* **EXERCISE BRIEF**: Look through the data below for the string "Hatch", and copy every line where it turns up.

Excerpts from a dataset
--- START ---
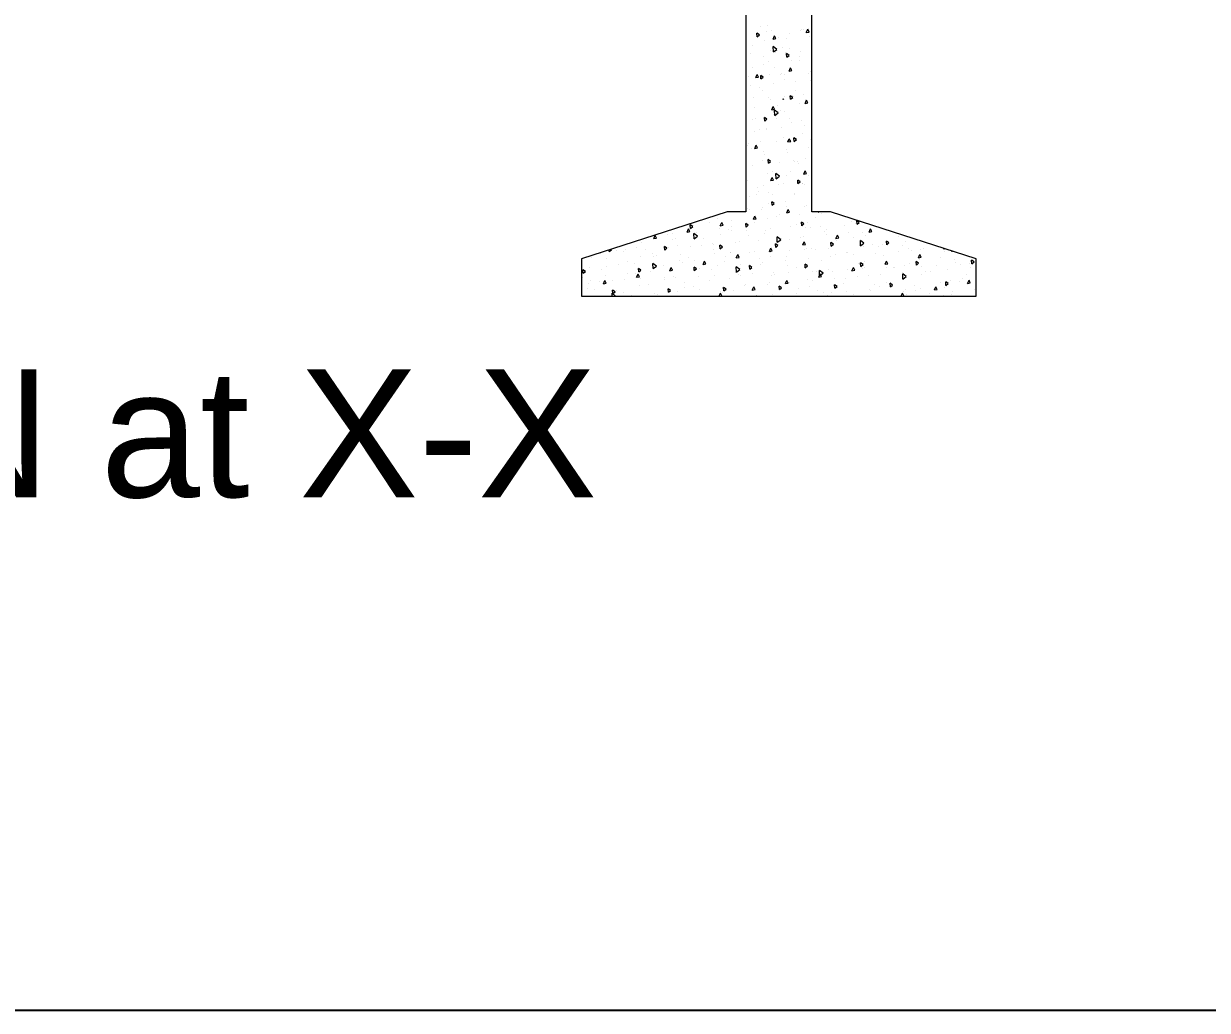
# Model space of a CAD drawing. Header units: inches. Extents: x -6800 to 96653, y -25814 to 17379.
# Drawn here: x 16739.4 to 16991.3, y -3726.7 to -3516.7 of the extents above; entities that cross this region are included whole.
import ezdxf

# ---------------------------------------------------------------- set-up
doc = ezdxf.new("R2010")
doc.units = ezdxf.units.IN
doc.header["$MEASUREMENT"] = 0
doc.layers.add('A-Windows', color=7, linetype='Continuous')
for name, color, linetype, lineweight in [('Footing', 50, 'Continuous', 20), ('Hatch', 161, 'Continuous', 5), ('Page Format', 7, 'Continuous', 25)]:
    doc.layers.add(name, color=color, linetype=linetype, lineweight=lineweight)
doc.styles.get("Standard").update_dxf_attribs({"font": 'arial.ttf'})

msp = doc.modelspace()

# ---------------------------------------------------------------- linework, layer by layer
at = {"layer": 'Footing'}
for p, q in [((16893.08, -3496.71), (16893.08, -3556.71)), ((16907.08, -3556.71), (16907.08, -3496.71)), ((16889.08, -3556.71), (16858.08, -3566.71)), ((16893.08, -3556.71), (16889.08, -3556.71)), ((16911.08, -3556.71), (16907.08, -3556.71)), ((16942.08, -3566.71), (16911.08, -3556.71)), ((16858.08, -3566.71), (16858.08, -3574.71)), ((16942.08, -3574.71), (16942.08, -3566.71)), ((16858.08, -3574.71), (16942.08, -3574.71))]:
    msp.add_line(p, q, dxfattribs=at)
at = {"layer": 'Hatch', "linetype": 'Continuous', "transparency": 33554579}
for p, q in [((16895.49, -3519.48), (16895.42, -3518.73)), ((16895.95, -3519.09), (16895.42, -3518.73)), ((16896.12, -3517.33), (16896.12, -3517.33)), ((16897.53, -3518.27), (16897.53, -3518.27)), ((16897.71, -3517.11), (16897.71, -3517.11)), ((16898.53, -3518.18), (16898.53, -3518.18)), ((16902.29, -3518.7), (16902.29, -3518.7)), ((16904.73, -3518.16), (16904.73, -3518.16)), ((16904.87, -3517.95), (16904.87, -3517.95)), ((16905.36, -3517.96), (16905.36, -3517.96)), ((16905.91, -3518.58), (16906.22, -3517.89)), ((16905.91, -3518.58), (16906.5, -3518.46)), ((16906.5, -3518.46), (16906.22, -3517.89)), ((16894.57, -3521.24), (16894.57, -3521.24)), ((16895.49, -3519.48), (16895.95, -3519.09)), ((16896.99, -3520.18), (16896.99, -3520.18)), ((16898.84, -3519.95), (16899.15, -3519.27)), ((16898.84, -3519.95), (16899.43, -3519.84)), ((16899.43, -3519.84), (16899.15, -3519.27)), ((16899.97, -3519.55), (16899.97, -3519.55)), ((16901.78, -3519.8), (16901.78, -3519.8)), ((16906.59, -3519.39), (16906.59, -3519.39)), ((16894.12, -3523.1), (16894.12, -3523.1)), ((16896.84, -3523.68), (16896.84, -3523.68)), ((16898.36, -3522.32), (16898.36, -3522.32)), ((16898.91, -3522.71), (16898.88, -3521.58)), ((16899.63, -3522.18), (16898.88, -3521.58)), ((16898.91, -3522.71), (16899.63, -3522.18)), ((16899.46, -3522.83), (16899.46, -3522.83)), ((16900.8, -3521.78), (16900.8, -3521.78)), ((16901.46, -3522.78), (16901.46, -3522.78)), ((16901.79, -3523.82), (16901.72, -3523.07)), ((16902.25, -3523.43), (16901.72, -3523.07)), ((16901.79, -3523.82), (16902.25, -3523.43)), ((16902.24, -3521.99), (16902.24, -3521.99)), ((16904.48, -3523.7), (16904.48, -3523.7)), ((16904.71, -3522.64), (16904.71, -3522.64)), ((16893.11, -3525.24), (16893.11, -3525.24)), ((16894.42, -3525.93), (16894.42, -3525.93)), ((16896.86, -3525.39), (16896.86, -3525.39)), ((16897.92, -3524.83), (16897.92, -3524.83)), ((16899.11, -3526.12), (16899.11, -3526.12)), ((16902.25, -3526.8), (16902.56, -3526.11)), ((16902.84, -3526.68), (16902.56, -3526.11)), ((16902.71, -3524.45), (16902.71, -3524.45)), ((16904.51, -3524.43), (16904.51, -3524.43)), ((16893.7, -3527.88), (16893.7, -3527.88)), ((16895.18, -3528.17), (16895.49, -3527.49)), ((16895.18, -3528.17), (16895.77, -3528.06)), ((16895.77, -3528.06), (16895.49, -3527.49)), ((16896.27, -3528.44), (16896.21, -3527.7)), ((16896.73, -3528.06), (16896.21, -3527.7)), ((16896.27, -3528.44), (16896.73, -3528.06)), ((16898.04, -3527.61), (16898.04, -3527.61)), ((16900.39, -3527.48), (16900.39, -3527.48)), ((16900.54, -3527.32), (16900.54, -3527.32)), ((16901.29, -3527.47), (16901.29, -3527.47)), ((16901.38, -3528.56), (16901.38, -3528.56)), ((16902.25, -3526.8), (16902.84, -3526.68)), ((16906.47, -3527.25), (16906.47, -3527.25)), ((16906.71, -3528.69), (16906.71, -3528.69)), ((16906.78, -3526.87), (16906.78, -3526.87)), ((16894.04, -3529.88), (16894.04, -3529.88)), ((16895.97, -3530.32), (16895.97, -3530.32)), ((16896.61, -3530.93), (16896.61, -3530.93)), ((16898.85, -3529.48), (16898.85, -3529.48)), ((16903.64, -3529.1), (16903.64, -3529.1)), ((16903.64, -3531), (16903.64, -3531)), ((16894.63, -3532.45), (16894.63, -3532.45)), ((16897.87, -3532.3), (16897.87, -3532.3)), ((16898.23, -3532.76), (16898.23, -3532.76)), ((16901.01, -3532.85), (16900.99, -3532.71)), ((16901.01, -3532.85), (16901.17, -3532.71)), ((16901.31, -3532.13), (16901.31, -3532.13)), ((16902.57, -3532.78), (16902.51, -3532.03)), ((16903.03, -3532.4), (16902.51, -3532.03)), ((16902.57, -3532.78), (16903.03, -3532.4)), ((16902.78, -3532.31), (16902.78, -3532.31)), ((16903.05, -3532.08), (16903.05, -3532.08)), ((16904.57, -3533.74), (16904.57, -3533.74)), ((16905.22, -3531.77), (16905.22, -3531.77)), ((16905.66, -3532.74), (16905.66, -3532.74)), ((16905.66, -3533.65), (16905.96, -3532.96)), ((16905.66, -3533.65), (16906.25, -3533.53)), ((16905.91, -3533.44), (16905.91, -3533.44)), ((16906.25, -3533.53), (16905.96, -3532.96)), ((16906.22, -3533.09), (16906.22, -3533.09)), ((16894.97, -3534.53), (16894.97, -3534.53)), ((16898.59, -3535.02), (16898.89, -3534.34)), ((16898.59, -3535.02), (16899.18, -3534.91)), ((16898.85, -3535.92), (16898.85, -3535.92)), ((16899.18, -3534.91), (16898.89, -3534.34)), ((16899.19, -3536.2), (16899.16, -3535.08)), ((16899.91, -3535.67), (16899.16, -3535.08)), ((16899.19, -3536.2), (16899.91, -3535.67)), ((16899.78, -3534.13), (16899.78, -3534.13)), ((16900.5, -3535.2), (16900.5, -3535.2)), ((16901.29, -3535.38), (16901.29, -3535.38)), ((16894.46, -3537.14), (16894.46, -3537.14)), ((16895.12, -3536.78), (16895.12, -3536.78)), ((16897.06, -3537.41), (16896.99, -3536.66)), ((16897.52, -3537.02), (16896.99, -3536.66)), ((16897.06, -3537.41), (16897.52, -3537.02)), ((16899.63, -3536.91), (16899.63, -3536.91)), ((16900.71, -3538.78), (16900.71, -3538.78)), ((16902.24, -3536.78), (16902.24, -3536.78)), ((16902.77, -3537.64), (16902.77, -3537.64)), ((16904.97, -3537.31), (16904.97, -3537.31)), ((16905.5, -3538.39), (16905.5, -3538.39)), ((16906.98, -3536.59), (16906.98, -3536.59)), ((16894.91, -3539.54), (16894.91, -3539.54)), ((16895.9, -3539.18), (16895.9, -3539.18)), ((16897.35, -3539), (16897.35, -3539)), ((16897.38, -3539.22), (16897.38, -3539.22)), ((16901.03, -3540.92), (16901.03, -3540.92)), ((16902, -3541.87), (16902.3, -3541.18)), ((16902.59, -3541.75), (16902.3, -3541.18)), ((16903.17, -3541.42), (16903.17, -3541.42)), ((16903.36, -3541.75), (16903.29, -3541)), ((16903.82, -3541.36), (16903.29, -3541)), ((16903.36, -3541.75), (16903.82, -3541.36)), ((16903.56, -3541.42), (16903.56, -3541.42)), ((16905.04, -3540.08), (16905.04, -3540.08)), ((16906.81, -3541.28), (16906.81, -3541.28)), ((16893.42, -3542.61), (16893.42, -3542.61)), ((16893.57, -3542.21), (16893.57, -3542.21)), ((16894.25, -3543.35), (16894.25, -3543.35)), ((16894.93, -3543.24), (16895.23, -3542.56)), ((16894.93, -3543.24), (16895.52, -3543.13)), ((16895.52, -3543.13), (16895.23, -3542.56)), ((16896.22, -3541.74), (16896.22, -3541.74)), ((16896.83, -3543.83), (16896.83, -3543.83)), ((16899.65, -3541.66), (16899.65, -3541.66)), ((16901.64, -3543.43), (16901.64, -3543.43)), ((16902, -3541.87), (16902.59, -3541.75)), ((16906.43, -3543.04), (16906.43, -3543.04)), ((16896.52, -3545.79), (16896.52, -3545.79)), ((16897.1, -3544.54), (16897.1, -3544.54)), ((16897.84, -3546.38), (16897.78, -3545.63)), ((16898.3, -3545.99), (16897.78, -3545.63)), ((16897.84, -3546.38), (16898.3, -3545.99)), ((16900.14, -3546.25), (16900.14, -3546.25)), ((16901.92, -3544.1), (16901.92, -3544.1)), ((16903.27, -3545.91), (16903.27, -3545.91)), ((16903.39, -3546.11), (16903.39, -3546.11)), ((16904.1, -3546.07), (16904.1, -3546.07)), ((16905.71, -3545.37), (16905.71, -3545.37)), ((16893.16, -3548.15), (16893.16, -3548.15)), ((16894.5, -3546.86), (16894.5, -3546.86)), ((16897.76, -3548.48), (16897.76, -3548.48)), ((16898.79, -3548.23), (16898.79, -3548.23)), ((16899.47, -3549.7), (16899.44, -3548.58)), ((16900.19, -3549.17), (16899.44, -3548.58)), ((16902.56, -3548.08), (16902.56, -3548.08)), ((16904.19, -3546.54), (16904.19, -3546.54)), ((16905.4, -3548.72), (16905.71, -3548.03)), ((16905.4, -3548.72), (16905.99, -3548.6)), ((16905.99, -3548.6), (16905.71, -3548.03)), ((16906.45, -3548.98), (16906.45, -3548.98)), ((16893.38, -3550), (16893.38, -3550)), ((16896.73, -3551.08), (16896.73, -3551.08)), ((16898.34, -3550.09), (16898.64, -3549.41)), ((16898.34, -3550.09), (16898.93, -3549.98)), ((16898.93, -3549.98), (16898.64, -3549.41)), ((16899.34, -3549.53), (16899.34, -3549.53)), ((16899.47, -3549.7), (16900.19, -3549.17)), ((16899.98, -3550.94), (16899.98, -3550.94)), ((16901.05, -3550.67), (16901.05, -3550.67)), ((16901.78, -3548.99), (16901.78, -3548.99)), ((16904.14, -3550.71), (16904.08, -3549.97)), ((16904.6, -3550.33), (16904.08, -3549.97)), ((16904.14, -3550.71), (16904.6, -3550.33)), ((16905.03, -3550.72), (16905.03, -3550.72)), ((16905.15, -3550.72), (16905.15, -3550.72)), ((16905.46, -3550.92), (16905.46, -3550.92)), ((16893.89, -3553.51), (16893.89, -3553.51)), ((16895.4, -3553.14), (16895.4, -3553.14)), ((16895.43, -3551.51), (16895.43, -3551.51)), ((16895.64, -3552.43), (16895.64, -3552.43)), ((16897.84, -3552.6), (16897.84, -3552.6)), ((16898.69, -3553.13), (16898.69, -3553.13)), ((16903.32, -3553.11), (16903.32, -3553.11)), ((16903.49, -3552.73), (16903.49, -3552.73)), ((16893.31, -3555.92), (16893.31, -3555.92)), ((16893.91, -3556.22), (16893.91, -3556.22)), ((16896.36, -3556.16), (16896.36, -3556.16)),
--- END ---
* **FINAL ANSWER**:
for name, color, linetype, lineweight in [('Footing', 50, 'Continuous', 20), ('Hatch', 161, 'Continuous', 5), ('Page Format', 7, 'Continuous', 25)]:
at = {"layer": 'Hatch', "linetype": 'Continuous', "transparency": 33554579}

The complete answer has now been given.